_WHAT IS BEING ASKED_: Reproduce, from the lines below, exactly the stretch that begins at the line containing "lines of L5 L4" and ends at the line containing "line L10 (-47.0364, 55)", both included.

Dataset records
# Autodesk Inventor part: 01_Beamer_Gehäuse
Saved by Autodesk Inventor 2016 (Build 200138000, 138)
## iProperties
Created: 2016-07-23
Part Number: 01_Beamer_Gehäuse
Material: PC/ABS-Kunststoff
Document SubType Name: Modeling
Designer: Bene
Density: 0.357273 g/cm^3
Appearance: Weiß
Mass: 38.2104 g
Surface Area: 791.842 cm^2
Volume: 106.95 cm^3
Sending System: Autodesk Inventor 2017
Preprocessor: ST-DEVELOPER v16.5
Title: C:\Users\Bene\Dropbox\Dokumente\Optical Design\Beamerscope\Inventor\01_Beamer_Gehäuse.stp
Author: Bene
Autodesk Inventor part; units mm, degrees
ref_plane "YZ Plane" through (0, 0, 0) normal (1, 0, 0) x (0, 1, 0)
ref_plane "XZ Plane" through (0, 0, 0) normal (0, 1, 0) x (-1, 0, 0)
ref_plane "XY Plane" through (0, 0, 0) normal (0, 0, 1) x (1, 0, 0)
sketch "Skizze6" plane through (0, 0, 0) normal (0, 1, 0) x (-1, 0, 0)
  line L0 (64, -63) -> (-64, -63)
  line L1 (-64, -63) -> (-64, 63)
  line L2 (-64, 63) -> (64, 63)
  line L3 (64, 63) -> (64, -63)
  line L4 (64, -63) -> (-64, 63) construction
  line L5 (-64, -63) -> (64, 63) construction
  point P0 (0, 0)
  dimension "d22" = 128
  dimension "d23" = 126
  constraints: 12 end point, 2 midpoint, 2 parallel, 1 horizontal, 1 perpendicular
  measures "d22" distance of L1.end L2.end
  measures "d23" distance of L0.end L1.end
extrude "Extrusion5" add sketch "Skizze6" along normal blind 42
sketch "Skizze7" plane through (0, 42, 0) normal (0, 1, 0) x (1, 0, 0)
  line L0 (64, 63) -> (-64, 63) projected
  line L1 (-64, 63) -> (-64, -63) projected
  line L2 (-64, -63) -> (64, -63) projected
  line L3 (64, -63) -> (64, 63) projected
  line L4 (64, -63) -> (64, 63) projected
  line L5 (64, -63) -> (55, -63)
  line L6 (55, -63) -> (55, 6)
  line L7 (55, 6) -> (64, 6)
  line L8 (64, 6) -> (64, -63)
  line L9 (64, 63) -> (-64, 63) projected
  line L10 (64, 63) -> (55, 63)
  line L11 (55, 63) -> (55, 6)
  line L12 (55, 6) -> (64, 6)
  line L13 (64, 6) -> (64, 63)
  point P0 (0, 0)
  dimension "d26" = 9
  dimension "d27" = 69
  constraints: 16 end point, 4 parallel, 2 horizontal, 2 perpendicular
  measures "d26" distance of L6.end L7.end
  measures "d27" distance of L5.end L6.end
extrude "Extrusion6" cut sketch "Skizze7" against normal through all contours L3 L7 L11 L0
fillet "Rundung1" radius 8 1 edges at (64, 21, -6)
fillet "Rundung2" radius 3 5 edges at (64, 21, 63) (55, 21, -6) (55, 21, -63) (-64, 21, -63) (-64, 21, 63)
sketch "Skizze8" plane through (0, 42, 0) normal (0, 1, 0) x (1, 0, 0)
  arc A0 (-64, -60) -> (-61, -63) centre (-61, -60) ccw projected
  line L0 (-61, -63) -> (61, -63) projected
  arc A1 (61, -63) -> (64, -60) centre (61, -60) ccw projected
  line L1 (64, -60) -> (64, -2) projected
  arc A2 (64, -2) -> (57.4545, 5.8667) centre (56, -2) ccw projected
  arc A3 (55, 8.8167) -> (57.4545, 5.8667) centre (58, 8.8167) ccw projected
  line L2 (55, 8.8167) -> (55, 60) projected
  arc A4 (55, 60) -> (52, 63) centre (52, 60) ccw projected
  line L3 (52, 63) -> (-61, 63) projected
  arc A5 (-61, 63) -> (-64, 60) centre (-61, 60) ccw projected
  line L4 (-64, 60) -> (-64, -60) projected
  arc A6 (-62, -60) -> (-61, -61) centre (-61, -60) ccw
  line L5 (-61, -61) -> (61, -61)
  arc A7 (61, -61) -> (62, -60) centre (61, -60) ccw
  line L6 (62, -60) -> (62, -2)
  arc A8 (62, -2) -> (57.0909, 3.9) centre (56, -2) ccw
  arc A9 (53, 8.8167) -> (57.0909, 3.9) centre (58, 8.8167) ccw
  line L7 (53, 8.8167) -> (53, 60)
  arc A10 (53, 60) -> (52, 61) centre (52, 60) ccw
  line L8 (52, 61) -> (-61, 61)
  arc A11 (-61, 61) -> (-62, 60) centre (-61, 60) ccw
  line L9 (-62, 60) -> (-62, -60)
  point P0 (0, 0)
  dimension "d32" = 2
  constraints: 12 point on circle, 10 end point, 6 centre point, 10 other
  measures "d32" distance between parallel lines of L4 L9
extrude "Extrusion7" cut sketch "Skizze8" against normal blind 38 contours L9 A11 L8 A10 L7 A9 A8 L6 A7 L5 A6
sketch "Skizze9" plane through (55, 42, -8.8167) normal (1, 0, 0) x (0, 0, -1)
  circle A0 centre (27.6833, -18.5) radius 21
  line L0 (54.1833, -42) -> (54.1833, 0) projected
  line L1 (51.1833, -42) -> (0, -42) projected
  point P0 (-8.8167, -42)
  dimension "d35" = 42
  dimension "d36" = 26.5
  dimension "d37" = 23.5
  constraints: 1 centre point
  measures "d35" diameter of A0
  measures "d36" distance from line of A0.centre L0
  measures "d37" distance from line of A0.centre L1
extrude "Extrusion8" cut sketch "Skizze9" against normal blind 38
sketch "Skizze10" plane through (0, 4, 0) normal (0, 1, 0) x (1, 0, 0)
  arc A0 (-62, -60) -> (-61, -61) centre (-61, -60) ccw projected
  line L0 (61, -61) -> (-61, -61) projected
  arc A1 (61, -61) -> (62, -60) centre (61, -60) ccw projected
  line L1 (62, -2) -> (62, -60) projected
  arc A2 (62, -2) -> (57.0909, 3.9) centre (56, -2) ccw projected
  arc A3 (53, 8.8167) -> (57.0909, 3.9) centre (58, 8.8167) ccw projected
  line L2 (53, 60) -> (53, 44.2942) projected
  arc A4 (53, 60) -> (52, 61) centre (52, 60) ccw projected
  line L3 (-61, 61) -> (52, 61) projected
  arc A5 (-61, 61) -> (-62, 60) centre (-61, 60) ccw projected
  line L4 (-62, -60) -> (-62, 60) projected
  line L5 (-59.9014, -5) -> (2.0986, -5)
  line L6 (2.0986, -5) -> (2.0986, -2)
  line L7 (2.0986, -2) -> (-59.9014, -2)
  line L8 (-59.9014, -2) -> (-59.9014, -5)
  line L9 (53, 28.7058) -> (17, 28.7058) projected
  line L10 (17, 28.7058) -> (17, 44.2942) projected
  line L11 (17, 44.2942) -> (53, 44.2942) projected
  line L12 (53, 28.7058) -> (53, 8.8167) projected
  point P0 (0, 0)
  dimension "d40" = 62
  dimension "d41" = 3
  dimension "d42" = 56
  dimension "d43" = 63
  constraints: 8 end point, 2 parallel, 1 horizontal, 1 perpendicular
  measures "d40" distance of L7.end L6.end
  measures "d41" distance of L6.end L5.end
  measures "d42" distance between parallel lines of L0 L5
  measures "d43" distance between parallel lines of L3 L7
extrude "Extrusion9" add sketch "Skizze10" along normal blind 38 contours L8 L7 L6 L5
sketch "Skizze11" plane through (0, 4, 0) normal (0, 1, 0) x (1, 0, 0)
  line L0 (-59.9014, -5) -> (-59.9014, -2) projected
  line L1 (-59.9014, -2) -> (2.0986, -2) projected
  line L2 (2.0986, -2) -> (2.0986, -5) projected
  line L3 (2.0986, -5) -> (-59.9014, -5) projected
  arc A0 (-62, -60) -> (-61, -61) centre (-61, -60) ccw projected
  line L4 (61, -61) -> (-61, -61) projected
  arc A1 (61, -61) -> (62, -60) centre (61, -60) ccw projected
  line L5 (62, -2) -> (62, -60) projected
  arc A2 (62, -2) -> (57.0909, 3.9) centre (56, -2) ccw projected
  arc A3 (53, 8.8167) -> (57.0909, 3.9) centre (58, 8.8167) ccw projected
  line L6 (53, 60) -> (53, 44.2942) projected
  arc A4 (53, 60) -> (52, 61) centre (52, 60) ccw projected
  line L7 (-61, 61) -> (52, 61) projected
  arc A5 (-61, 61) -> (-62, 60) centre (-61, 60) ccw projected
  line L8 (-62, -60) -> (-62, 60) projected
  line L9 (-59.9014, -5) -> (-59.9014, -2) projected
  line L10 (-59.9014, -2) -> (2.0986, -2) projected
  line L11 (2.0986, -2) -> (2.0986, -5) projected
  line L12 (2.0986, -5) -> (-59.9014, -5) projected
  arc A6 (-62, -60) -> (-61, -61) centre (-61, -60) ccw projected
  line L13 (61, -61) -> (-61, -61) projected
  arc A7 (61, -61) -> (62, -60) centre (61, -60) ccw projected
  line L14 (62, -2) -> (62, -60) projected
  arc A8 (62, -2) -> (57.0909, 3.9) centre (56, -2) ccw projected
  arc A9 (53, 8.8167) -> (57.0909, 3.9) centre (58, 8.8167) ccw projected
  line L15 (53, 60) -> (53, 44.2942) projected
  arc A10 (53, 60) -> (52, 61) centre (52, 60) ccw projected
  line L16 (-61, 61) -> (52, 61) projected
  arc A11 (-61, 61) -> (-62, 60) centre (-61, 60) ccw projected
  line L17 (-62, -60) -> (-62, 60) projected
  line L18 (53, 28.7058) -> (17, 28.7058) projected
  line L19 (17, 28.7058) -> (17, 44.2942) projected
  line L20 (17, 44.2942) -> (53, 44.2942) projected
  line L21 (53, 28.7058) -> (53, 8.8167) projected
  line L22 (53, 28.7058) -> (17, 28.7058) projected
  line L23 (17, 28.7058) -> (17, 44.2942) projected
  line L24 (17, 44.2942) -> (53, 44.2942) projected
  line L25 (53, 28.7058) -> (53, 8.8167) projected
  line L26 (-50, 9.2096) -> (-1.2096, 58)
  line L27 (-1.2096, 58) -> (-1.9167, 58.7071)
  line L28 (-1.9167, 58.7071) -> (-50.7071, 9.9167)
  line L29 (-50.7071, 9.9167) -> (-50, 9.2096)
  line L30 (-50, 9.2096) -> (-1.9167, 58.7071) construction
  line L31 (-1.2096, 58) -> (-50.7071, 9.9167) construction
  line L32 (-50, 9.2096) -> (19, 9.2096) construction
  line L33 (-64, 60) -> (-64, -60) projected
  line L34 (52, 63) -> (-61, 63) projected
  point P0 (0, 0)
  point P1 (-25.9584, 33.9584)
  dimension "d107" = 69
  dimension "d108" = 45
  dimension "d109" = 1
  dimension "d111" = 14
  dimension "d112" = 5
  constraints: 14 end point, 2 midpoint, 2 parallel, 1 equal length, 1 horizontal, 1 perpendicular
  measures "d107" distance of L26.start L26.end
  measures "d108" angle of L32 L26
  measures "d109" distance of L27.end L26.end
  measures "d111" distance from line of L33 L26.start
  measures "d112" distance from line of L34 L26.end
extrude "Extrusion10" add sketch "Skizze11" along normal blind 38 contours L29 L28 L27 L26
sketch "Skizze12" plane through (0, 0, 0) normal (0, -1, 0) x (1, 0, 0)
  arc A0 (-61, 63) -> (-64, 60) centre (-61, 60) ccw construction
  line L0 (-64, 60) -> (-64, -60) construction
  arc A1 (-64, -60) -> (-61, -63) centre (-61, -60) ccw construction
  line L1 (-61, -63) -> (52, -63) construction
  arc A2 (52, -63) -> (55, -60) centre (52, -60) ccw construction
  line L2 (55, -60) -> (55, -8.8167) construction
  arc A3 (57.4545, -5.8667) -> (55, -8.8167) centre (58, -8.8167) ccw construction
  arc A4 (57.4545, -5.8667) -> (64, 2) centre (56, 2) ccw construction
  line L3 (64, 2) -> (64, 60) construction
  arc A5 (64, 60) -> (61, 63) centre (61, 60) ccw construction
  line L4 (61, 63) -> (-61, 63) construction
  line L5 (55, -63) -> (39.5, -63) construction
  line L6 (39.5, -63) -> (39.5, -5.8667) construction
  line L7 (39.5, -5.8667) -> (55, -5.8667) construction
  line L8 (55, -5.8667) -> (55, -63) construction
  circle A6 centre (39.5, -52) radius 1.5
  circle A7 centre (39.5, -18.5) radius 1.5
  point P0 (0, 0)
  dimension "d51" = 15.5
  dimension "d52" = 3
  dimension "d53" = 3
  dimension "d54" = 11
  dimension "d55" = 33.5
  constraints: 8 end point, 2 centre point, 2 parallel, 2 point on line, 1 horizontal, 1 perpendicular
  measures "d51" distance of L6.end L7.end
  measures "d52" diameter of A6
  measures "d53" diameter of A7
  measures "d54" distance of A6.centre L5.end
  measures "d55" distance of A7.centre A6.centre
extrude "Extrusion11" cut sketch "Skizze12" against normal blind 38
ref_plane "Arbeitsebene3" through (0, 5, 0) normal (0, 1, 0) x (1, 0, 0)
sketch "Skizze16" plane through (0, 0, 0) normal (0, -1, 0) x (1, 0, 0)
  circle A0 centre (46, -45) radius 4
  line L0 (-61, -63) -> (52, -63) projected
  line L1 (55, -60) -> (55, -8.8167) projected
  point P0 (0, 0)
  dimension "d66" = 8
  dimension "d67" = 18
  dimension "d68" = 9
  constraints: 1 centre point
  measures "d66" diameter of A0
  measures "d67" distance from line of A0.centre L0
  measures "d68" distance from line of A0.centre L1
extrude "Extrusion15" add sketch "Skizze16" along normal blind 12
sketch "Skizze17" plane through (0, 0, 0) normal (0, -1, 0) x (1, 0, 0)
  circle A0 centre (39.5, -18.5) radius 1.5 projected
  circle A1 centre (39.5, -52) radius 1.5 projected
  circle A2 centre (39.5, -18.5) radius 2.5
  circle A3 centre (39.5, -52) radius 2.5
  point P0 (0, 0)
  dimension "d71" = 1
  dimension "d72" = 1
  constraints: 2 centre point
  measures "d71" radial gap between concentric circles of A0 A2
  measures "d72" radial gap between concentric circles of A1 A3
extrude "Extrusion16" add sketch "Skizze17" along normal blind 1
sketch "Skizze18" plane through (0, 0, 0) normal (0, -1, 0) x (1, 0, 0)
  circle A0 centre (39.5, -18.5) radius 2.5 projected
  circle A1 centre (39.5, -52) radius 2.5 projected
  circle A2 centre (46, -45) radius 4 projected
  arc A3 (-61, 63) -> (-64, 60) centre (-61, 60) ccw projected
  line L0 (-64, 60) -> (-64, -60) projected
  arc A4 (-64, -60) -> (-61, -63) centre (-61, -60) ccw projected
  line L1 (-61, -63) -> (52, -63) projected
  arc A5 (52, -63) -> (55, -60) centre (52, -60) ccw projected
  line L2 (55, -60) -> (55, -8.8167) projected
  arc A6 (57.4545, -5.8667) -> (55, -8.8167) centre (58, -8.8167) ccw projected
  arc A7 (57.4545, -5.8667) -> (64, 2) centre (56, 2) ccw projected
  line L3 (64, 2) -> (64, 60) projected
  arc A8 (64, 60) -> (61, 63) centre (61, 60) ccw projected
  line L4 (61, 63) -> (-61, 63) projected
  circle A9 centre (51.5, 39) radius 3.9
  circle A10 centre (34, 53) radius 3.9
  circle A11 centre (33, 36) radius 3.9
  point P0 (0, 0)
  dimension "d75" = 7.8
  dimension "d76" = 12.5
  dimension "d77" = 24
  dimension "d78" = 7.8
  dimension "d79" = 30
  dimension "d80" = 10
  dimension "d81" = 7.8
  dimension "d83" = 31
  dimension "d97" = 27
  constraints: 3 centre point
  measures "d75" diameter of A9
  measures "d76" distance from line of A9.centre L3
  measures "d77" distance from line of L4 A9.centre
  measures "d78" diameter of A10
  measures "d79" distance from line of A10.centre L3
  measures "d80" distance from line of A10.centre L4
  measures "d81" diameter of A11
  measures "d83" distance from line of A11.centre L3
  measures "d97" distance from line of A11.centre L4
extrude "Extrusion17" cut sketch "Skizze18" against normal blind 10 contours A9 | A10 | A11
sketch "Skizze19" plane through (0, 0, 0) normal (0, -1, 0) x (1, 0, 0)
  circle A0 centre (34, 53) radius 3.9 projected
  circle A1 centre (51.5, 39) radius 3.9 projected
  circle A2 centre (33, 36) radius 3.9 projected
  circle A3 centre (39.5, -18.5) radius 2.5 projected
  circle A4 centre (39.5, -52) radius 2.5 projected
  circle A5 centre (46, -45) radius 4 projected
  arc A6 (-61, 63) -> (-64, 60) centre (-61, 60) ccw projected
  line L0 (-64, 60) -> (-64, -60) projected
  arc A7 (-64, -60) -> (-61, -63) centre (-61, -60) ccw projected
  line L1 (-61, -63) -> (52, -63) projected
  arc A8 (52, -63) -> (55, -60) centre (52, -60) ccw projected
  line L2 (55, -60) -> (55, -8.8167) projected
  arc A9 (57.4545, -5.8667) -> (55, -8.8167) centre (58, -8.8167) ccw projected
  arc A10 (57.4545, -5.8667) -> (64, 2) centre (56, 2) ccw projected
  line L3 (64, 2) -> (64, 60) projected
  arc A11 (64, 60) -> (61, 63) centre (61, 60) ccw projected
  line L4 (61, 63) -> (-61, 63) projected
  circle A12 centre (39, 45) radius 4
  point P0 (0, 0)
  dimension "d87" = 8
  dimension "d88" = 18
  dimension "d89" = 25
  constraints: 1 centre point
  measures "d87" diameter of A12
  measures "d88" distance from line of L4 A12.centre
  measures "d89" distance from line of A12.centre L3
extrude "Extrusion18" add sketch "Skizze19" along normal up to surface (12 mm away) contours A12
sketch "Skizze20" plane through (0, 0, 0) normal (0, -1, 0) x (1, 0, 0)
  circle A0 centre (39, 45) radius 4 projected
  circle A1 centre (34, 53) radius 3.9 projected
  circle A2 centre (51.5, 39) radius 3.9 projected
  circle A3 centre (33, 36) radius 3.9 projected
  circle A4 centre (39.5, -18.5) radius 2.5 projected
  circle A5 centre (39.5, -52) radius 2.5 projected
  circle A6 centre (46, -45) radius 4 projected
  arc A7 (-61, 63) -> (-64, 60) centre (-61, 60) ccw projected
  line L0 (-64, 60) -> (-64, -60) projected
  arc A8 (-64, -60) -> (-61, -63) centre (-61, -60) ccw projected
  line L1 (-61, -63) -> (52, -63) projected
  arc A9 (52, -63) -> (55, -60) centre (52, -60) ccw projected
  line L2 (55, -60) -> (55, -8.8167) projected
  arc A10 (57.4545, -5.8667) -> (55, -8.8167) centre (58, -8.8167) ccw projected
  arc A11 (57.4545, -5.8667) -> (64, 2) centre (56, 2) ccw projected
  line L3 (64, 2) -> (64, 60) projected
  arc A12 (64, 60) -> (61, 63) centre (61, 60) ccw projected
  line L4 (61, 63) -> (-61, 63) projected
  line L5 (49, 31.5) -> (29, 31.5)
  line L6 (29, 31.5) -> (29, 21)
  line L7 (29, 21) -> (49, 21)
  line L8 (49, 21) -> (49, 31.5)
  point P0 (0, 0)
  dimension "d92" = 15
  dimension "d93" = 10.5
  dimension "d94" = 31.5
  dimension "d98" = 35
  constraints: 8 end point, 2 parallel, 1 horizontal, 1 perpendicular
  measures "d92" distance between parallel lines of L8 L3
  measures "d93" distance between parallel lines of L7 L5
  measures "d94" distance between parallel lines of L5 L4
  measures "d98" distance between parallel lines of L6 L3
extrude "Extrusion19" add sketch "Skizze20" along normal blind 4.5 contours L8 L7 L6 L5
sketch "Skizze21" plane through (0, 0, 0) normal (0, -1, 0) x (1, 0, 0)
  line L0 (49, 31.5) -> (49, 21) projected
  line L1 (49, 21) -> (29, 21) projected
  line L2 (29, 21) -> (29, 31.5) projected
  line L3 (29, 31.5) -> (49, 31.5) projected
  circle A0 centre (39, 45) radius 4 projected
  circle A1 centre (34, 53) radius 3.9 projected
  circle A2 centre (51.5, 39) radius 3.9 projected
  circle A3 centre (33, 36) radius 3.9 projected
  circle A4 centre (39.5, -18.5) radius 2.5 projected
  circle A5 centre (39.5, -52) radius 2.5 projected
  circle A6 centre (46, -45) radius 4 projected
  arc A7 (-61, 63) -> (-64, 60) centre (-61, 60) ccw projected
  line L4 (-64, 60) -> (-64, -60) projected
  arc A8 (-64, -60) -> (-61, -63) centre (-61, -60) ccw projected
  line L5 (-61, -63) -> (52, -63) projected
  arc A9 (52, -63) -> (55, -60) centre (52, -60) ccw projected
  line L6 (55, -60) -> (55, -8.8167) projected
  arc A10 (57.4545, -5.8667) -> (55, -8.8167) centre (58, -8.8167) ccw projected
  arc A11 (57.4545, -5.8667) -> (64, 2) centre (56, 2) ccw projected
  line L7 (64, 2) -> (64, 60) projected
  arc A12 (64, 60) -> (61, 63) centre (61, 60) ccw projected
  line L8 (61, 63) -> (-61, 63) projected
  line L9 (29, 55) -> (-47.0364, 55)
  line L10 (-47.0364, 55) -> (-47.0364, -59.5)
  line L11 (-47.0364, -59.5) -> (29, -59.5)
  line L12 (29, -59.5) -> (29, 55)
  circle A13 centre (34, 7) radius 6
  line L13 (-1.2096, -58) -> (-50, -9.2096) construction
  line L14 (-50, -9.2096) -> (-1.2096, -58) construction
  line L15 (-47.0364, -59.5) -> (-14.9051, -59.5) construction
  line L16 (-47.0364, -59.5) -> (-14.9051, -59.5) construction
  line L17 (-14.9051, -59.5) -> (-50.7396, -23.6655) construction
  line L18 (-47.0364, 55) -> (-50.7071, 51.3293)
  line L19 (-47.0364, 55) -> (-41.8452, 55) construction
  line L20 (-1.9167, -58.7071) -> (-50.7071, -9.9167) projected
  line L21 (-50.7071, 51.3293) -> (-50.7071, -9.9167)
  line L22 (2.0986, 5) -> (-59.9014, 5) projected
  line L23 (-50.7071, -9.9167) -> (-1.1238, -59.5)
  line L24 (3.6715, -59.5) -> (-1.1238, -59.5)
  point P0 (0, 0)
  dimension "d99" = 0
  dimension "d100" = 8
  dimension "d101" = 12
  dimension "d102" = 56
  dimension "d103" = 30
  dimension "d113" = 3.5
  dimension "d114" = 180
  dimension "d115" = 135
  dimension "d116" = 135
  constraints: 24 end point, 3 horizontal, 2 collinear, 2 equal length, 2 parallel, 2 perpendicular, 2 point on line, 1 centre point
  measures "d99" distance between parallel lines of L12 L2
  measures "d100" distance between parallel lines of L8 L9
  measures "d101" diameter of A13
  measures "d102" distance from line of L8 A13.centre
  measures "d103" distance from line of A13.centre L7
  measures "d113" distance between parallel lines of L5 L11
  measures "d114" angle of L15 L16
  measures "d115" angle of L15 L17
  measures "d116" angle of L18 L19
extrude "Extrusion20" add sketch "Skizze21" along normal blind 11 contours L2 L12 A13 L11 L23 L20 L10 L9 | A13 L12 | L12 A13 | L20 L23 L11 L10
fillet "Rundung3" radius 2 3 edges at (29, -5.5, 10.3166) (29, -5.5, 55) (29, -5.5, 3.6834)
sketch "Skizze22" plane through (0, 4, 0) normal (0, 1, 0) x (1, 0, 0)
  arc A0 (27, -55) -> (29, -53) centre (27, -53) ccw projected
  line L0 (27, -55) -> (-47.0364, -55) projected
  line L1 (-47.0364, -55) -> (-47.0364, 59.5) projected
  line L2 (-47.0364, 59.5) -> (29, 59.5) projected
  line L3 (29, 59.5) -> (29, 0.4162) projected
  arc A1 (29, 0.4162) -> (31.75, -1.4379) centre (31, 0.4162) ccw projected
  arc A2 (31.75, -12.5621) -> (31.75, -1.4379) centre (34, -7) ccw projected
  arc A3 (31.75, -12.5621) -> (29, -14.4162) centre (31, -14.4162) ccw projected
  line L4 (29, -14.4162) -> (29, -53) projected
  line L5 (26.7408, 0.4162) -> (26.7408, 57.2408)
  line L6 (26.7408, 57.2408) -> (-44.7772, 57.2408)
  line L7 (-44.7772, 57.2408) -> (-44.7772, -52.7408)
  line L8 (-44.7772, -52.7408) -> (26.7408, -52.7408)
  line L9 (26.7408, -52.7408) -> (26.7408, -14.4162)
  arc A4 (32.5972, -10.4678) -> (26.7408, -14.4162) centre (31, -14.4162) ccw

_ANSWER TO THIS PROBLEM_:
  measures "d94" distance between parallel lines of L5 L4
  measures "d98" distance between parallel lines of L6 L3
extrude "Extrusion19" add sketch "Skizze20" along normal blind 4.5 contours L8 L7 L6 L5
sketch "Skizze21" plane through (0, 0, 0) normal (0, -1, 0) x (1, 0, 0)
  line L0 (49, 31.5) -> (49, 21) projected
  line L1 (49, 21) -> (29, 21) projected
  line L2 (29, 21) -> (29, 31.5) projected
  line L3 (29, 31.5) -> (49, 31.5) projected
  circle A0 centre (39, 45) radius 4 projected
  circle A1 centre (34, 53) radius 3.9 projected
  circle A2 centre (51.5, 39) radius 3.9 projected
  circle A3 centre (33, 36) radius 3.9 projected
  circle A4 centre (39.5, -18.5) radius 2.5 projected
  circle A5 centre (39.5, -52) radius 2.5 projected
  circle A6 centre (46, -45) radius 4 projected
  arc A7 (-61, 63) -> (-64, 60) centre (-61, 60) ccw projected
  line L4 (-64, 60) -> (-64, -60) projected
  arc A8 (-64, -60) -> (-61, -63) centre (-61, -60) ccw projected
  line L5 (-61, -63) -> (52, -63) projected
  arc A9 (52, -63) -> (55, -60) centre (52, -60) ccw projected
  line L6 (55, -60) -> (55, -8.8167) projected
  arc A10 (57.4545, -5.8667) -> (55, -8.8167) centre (58, -8.8167) ccw projected
  arc A11 (57.4545, -5.8667) -> (64, 2) centre (56, 2) ccw projected
  line L7 (64, 2) -> (64, 60) projected
  arc A12 (64, 60) -> (61, 63) centre (61, 60) ccw projected
  line L8 (61, 63) -> (-61, 63) projected
  line L9 (29, 55) -> (-47.0364, 55)
  line L10 (-47.0364, 55) -> (-47.0364, -59.5)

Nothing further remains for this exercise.